Placed within its canonical traditions, Cat's Cradle occupies a singular position. It descends recognizably from the Swiftian mode of satire-by-fantastic-invention—San Lorenzo is a Lilliput for the nuclear age, and Bokononism is a Modest Proposal for the problem of meaning—but it lacks the secure moral ground from which Swift launched his attacks. Vonnegut's satirist is himself inside the frame, himself a Bokononist, himself uncertain whether the lies he embraces are wisdom or merely a kinder despair. The existentialist affinity is equally clear: the novel confronts a meaningless universe and an absent God, and Bokonon's response—living defiantly within absurdity, thumbing one's nose at "You Know Who"—is recognizably Camusian. But where Camus's Sisyphus finds dignity in revolt, Vonnegut's characters find it in an ironic, chosen lie held in the teeth of extinction, a position closer to William James's pragmatist argument that beliefs may be valued for their effects on the believer rather than their truth-content. The novel pushes that pragmatist logic to its satirical limit: if a belief's only value is its livability, why not invent it wholesale and admit the invention? The Cold War context is, of course, the novel's immediate occasion. Published in 1963, it belongs to the same cultural moment that produced Dr. Strangelove, and its critique of value-free Big Science—of the weapons laboratory as a site of moral abdication—is kin to the anti-scientism current that runs through post-war fiction. But Vonnegut's target is both narrower and more radical than a policy critique. He is not arguing that scientists should be more ethically engaged; he is suggesting that the very structure of a mind like Felix Hoenikker's, innocent and omnipotent, is incompatible with human survival.

The novel's weaknesses, such as they are, follow from its strengths. The micro-chapter structure, for all its formal brilliance, can produce a certain flatness of affect; everything is delivered in the same deadpan register, and the refusal of emotional crescendo can begin to feel like a refusal of emotional range. The Bokononist vocabulary, dazzling as a satirical invention, occasionally risks becoming a private language that insulates the novel from rather than illuminates the world outside its pages. And the book's treatment of San Lorenzo—a generic Caribbean dictatorship whose inhabitants are rendered as charmingly fatalistic primitives in need of a white prophet's consoling lies—carries an undercurrent of the mid-century liberal Orientalism that Vonnegut's satirical frame does not entirely inoculate against. The novel is aware of its own conventions but not, perhaps, of its own condescensions.

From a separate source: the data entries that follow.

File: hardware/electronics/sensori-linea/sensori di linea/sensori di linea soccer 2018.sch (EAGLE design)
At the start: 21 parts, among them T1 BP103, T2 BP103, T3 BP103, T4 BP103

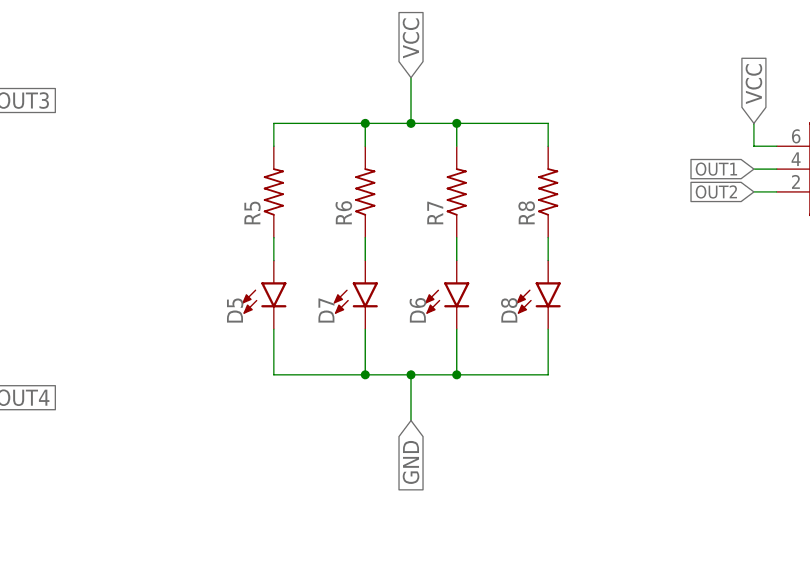
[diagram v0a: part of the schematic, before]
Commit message: modifiche a sensori di linea 2018
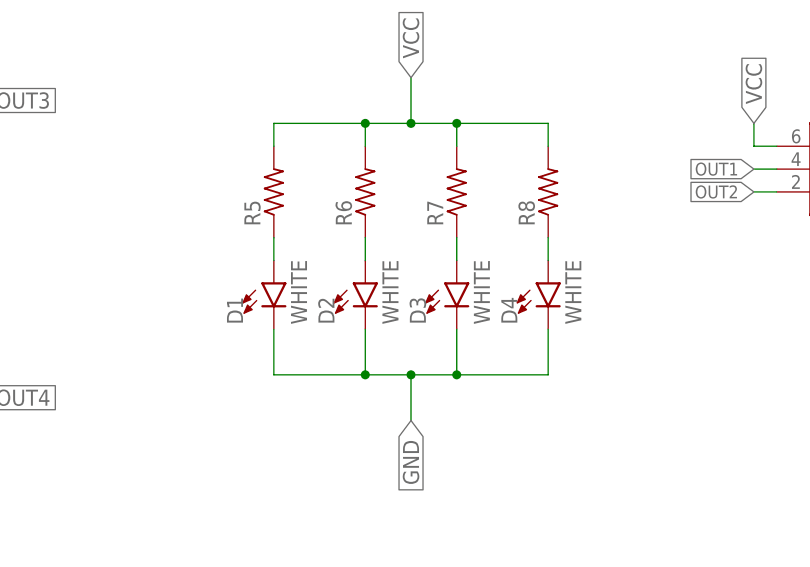
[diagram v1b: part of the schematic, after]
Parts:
- removed D5, D6, D7, D8: (no value), SparkFun-LED:LED1206
- added D1, D2, D3, D4: WHITE, SparkFun-LED:LED-WHITE1206
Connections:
- net GND: now also D1.C, D2.C, D3.C, D4.C; no longer D5.C, D6.C, D7.C, D8.C
- net N$2: now also D1.A; no longer D5.A
- net N$3: now also D2.A; no longer D7.A
- net N$4: now also D3.A; no longer D6.A
- net N$5: now also D4.A; no longer D8.A
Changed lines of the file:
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@@
 <part name="R8" library="rcl" library_urn="urn:adsk.eagle:library:334" deviceset="R-US_" device="0204/7" package3d_urn="urn:adsk.eagle:package:23498/1"/>
 <part name="SV1" library="con-lstb" library_urn="urn:adsk.eagle:library:162" deviceset="MA03-2" device="" package3d_urn="urn:adsk.eagle:package:8334/1"/>
-<part name="D5" library="SparkFun-LED" deviceset="LED" device="1206"/>
-<part name="D6" library="SparkFun-LED" deviceset="LED" device="1206"/>
-<part name="D7" library="SparkFun-LED" deviceset="LED" device="1206"/>
-<part name="D8" library="SparkFun-LED" deviceset="LED" device="1206"/>
 <part name="C1" library="SparkFun-Capacitors" deviceset="3.3NF" device="-0603-100V-10%" value="3.3nF"/>
 <part name="C2" library="SparkFun-Capacitors" deviceset="3.3NF" device="-0603-100V-10%" value="3.3nF"/>
 <part name="C3" library="SparkFun-Capacitors" deviceset="3.3NF" device="-0603-100V-10%" value="3.3nF"/>
 <part name="C4" library="SparkFun-Capacitors" deviceset="3.3NF" device="-0603-100V-10%" value="3.3nF"/>
+<part name="D1" library="SparkFun-LED" deviceset="LED-WHITE" device="1206" value="WHITE"/>
+<part name="D2" library="SparkFun-LED" deviceset="LED-WHITE" device="1206" value="WHITE"/>
+<part name="D3" library="SparkFun-LED" deviceset="LED-WHITE" device="1206" value="WHITE"/>
+<part name="D4" library="SparkFun-LED" deviceset="LED-WHITE" device="1206" value="WHITE"/>
 </parts>
 <sheets>
@@
 <instance part="R8" gate="G$1" x="185.42" y="63.5" rot="R90"/>
 <instance part="SV1" gate="1" x="218.44" y="66.04"/>
-<instance part="D5" gate="G$1" x="154.94" y="53.34"/>
-<instance part="D6" gate="G$1" x="175.26" y="53.34"/>
-<instance part="D7" gate="G$1" x="165.1" y="53.34"/>
-<instance part="D8" gate="G$1" x="185.42" y="53.34"/>
 <instance part="C1" gate="G$1" x="63.5" y="63.5"/>
 <instance part="C2" gate="G$1" x="116.84" y="63.5"/>
 <instance part="C3" gate="G$1" x="116.84" y="30.48"/>
 <instance part="C4" gate="G$1" x="63.5" y="30.48"/>
+<instance part="D1" gate="G$1" x="154.94" y="53.34"/>
+<instance part="D2" gate="G$1" x="165.1" y="53.34"/>
+<instance part="D3" gate="G$1" x="175.26" y="53.34"/>
+<instance part="D4" gate="G$1" x="185.42" y="53.34"/>
 </instances>
 <busses>
@@
 <junction x="170.18" y="43.18"/>
 <label x="170.18" y="38.1" size="1.778" layer="95" rot="R270" xref="yes"/>
-<pinref part="D5" gate="G$1" pin="C"/>
-<pinref part="D7" gate="G$1" pin="C"/>
-<pinref part="D6" gate="G$1" pin="C"/>
-<pinref part="D8" gate="G$1" pin="C"/>
+<pinref part="D1" gate="G$1" pin="C"/>
+<pinref part="D2" gate="G$1" pin="C"/>
+<pinref part="D3" gate="G$1" pin="C"/>
+<pinref part="D4" gate="G$1" pin="C"/>
 </segment>
 <segment>
@@
 <pinref part="R5" gate="G$1" pin="1"/>
 <wire x1="154.94" y1="58.42" x2="154.94" y2="55.88" width="0.1524" layer="91"/>
-<pinref part="D5" gate="G$1" pin="A"/>
+<pinref part="D1" gate="G$1" pin="A"/>
 </segment>
 </net>
@@
 <pinref part="R6" gate="G$1" pin="1"/>
 <wire x1="165.1" y1="58.42" x2="165.1" y2="55.88" width="0.1524" layer="91"/>
-<pinref part="D7" gate="G$1" pin="A"/>
+<pinref part="D2" gate="G$1" pin="A"/>
 </segment>
 </net>
@@
 <pinref part="R7" gate="G$1" pin="1"/>
 <wire x1="175.26" y1="58.42" x2="175.26" y2="55.88" width="0.1524" layer="91"/>
-<pinref part="D6" gate="G$1" pin="A"/>
+<pinref part="D3" gate="G$1" pin="A"/>
 </segment>
 </net>
@@
 <pinref part="R8" gate="G$1" pin="1"/>
 <wire x1="185.42" y1="58.42" x2="185.42" y2="55.88" width="0.1524" layer="91"/>
-<pinref part="D8" gate="G$1" pin="A"/>
-</segment>
-</net>
+<pinref part="D4" gate="G$1" pin="A"/>
+</segment>
+</net>

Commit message: modfiche
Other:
- note added: "connettore di raggruppo uscite"
- note added: "fototransistor"
- note added: "led"
- moved on the sheet: C1, C2, C3, C4, D1, D2, D3, D4, R1, R2, R3, R4

Yet the book's lasting power lies precisely in its refusal to resolve the tensions it sets in motion. It does not tell us whether Bokononism is a genuine response to absurdity or the final, most elaborate foma of all. It does not let us decide whether Felix Hoenikker is blameless or the most blameworthy figure imaginable, because it insists the categories will not separate. It holds open the paradox of free will and fatalism—the narrator feels himself compelled to appointed places while his characters are held responsible for what they barter away—without choosing between them. And it offers, in the image of the cat's cradle, an accounting of human meaning-making that is at once devastating and, in the novel's own terms, liberating. If there is no cat and no cradle, then the patterns we see are our own, and the string can be arranged otherwise. The book is for readers who can tolerate the knowledge that their consolations are constructed without ceasing to find them consoling—readers who can hear "Nice, nice, very nice" as both a joke and a prayer.